Effect of RFX on Ea. The average value of the Brownian motion of various microspheres (A–L) each tethered by a single Ea DNA molecule is reported in the presence of various increasing concentrations of RFX. The right-hand side y axis indicates the concentration of RFX in nM × 10⁻¹. The first 10 points in the graph refer to DNA in control experimental conditions, the following 10 points refer to the same DNA molecules in the presence of RFX 10 nM, and the third group of points refer to the same DNA molecules in the presence of RFX 30 nM. The stepped line at the bottom of the graph indicates the two RFX concentrations used. The standard deviation is indicated for each data point although it is often too small to be visible.

FIGURE 6

Interaction between the RFX/NF-Y complex and Ea. The first six data points represent the average value of the Brownian motion of various microspheres (A–F), each tethered by a single Ea DNA molecule in the absence of protein.
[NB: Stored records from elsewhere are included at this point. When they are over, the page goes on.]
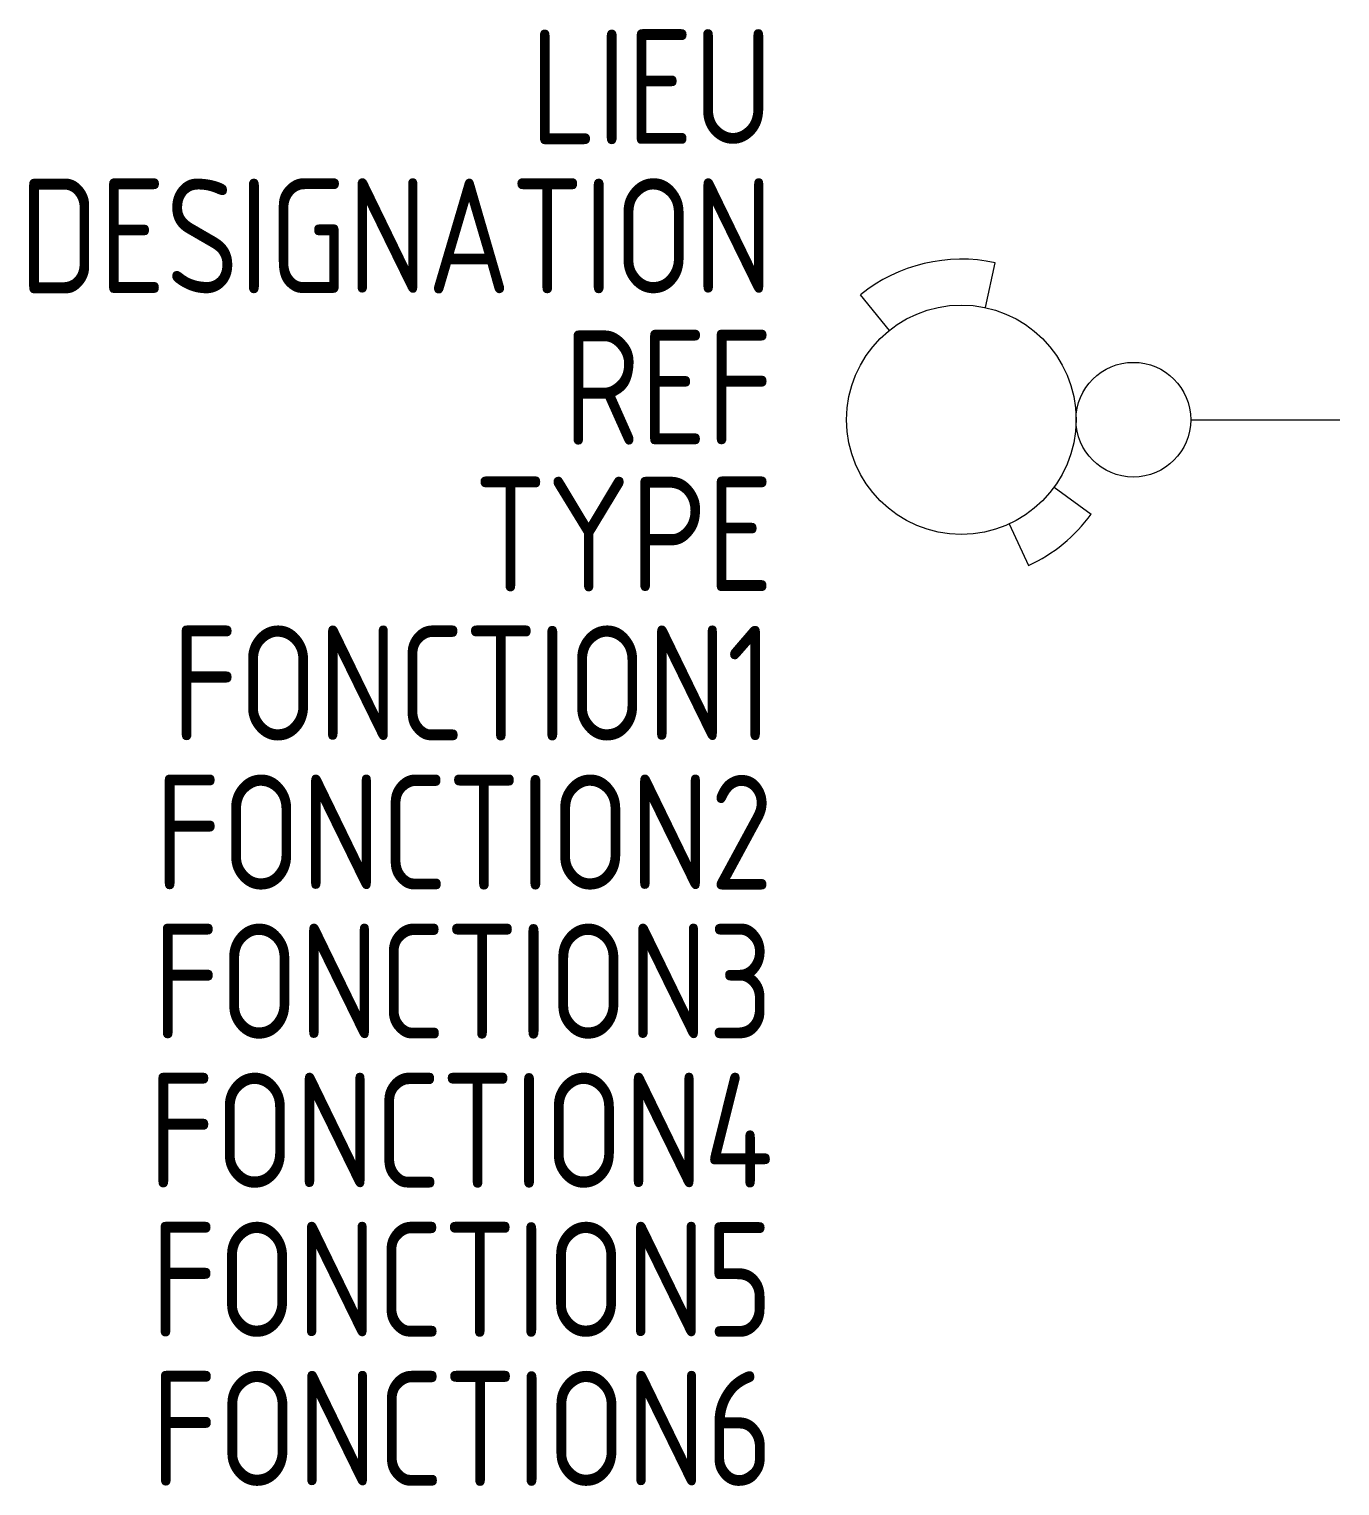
# Model space of a CAD drawing. Extents: x -1613.2 to -1584.6, y -902.8 to -871.1.
import ezdxf
from ezdxf.enums import TextEntityAlignment as Align

# ---------------------------------------------------------------- set-up
doc = ezdxf.new("R2010")
doc.units = 0
doc.linetypes.add('ACAD_ISO02W100', pattern=[15, 12, -3])
for name, color, linetype in [('SYMB_FIL', 3, 'CONTINUOUS'), ('SYMB_LIAISON', 1, 'ACAD_ISO02W100'), ('SYMB_REF_CONTACT', 2, 'CONTINUOUS'), ('SYMB_TXT_NOM', 3, 'CONTINUOUS')]:
    doc.layers.add(name, color=color, linetype=linetype)
doc.styles.add('NET2_5', font='isocp.shx', dxfattribs={"width": 0.9, "height": 2.5})

msp = doc.modelspace()

# ---------------------------------------------------------------- linework, layer by layer
at = {"layer": 'SYMB_FIL'}
for p, q in [((-1592.357, -877.15), (-1592.146, -876.172)), ((-1594.452, -877.647), (-1595.08, -876.868)), ((-1590.862, -881.063), (-1590.053, -881.651)), ((-1591.839, -881.864), (-1591.42, -882.773))]:
    msp.add_line(p, q, dxfattribs=at)
for centre, radius in [((-1592.884, -879.593), 2.5), ((-1589.134, -879.593), 1.25)]:
    msp.add_circle(centre, radius, dxfattribs=at)
for start, end in [(77.8266, 128.8601), (294.717, 323.995)]:
    msp.add_arc((-1592.884, -879.593), 3.5, start, end, dxfattribs=at)
at = {"layer": 'SYMB_LIAISON', "ltscale": 0.3}
msp.add_line((-1587.884, -879.593), (-1584.634, -879.593), dxfattribs=at)

# ---------------------------------------------------------------- texts
at = {"layer": 'SYMB_REF_CONTACT', "style": 'NET2_5', "width": 0.9, "flags": 8}
msp.add_attdef('REF', text='', height=2.5, dxfattribs=at).set_placement((-1596.984, -880.137), align=Align.RIGHT)
at = {"layer": 'SYMB_TXT_NOM', "style": 'NET2_5', "width": 0.9, "flags": 8}
for tag, text, p in [('LIEU', '', (-1596.984, -873.587)), ('DESIGNATION', 'S?', (-1596.984, -876.837)), ('TYPE', '', (-1596.984, -883.337)), ('FONCTION1', '', (-1596.984, -886.587)), ('FONCTION2', '', (-1596.984, -889.837)), ('FONCTION3', '', (-1596.984, -893.087)), ('FONCTION4', '', (-1596.984, -896.337)), ('FONCTION5', '', (-1596.984, -899.587)), ('FONCTION6', '', (-1596.984, -902.837))]:
    msp.add_attdef(tag, text=text, height=2.5, dxfattribs=at).set_placement(p, align=Align.RIGHT)

doc.saveas('drawing.dxf')

The following data points refer to measurements in which the concentration of RFX is maintained constant at 30 nM and the concentrations of NF-Y are varied (1.2 nM, stars and 1.8 nM, squares). The stepped line at the bottom represents the different concentrations of NF-Y. The standard deviation is indicated for each data point although it is often too small to be visible.